鬼社長の迸る視線に今夜も甘く絆される

ピアノの稽古の帰りだと言って、かんちゃんは伊織の横に座った。

「どうしたの?その怪我」
「……何でもない」
「あの病院、退院できたんだね」

よかったと喜ぶかんちゃんはあの頃と変わらず明るくて。
荒んで自暴自棄になっている自分が惨めに思えた。

「おじいちゃん、元気?」
「……少し前に死んだんだ」
「そうなんだ。……うちのおばあちゃんも去年死んだの」
「え?」

かんちゃんに視線を向けると、目尻に浮かぶ涙を指先で拭う彼女がいた。
必死に笑顔をつくり、伊織に心配かけないようにと振る舞う彼女が痛々しくて。

幼いながらにも辛かったのだと分かるから。
自分だけが悲しいんじゃないと思えたから。

かんちゃんの祖母が口癖にしていた“どんな体でも愛される資格はある”という言葉が思い浮かんだ。
病棟が違ったから数回しか見たことがなかったけれど、優しそうな笑顔の女性(ひと)だった。

目を瞑れば、ちゃんと思い浮かぶ。
いつでも温かく見守って優しく囁きかける祖父の姿が。
振り返るとにこっと笑いながら車椅子を押してくれる祖父の顔が。
高熱に魘された夜にずっと手を握りしめてくれていた手のぬくもりを。

目に見える所にいなくても、しっかりと記憶として息づいていることを改めて思い知った。
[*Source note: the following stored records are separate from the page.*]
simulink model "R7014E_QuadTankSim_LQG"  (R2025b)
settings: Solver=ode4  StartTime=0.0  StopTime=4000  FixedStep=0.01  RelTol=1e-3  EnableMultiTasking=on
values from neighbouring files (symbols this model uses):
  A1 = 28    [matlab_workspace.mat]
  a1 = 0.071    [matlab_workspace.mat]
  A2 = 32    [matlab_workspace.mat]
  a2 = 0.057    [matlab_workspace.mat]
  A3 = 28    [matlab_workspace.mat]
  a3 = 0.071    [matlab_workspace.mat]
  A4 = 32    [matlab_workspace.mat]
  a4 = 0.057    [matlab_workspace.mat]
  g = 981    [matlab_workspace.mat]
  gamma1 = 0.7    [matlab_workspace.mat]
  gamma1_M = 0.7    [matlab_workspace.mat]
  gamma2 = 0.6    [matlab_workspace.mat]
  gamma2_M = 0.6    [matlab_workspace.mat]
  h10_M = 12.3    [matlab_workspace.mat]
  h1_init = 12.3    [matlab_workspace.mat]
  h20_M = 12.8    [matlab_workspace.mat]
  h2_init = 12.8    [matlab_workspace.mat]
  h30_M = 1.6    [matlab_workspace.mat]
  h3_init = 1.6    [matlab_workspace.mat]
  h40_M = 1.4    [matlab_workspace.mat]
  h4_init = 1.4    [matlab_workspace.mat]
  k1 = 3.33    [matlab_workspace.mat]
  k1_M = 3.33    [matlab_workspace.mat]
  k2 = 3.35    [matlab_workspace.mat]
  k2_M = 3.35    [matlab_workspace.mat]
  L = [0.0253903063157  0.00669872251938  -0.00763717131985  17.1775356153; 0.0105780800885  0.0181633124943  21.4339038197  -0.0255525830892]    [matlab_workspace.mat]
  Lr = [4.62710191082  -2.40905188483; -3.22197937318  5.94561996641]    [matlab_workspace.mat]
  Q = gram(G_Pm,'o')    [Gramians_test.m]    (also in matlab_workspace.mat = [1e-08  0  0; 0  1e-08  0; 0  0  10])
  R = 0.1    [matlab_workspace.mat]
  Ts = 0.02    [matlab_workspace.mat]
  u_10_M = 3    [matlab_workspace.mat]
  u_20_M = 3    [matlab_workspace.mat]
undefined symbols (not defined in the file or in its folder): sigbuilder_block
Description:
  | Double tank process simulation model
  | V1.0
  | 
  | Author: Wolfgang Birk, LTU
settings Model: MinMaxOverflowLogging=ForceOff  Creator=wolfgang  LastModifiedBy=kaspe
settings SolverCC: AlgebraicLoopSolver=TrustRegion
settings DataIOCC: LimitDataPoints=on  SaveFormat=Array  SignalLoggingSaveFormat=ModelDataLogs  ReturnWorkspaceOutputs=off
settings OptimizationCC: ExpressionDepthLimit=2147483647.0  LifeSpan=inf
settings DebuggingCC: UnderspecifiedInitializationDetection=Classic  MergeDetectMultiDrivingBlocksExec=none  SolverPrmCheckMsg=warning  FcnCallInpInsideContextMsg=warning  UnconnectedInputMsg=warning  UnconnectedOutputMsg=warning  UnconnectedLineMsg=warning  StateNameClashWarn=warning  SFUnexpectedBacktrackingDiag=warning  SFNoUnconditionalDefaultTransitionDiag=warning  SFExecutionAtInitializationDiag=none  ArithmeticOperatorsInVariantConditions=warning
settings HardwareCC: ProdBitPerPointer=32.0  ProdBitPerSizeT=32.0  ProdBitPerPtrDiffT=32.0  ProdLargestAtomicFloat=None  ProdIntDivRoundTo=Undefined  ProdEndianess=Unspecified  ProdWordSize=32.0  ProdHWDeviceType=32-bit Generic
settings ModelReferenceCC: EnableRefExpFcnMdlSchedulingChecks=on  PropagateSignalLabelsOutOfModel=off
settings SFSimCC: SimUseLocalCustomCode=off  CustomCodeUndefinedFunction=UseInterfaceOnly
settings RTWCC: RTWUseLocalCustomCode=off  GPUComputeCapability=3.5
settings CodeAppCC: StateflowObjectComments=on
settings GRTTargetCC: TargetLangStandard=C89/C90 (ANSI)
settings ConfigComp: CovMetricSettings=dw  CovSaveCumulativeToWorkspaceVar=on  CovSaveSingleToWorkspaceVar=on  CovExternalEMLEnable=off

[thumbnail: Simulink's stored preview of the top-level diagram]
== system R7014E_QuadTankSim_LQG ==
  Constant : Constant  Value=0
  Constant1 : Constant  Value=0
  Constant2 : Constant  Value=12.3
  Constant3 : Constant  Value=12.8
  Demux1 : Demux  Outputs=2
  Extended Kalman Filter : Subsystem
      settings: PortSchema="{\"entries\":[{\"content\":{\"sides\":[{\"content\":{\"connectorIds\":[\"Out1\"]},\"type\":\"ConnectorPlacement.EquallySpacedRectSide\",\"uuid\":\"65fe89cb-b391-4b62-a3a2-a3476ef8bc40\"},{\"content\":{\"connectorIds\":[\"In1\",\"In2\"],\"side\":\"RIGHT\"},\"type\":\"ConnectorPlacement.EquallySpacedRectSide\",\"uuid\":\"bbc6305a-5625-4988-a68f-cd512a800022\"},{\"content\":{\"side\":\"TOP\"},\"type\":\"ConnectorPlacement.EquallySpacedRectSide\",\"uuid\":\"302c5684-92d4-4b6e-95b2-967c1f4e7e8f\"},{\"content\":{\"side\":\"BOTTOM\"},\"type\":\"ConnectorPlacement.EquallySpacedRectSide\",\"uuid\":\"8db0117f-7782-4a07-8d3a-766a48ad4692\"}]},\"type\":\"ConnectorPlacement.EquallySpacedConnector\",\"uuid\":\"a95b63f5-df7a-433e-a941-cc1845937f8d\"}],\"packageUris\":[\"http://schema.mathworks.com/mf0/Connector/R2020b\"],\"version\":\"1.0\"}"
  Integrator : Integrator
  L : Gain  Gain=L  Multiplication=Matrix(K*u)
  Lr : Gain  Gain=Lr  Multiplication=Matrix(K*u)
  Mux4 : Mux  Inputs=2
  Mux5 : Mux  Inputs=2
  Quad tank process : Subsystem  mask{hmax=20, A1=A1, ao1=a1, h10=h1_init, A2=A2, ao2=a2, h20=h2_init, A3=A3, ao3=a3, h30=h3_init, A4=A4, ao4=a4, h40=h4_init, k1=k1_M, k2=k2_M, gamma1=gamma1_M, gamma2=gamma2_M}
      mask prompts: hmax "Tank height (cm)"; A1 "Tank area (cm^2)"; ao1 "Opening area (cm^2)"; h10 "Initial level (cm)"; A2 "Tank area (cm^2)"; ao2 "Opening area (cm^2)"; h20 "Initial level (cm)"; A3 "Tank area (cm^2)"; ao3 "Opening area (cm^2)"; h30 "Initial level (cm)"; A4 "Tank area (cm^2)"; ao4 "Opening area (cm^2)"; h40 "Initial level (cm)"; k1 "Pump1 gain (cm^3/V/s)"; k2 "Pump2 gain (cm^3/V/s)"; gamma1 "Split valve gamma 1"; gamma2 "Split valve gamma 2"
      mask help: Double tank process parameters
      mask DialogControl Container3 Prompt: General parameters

「あ、そうだ!おばあちゃんがね、いっくんのおじいちゃんが作ってくれた下着が、凄く着け心地がよくて、よく寝れるって言ってたよ」
「……そうなんだ」
「うん。悪い夢見なくなって、元気になれるって」

肌着メーカーの社長だった祖父。
昔ながらの綿肌着を作っていたが、誰かに喜んで貰えていたことを知った。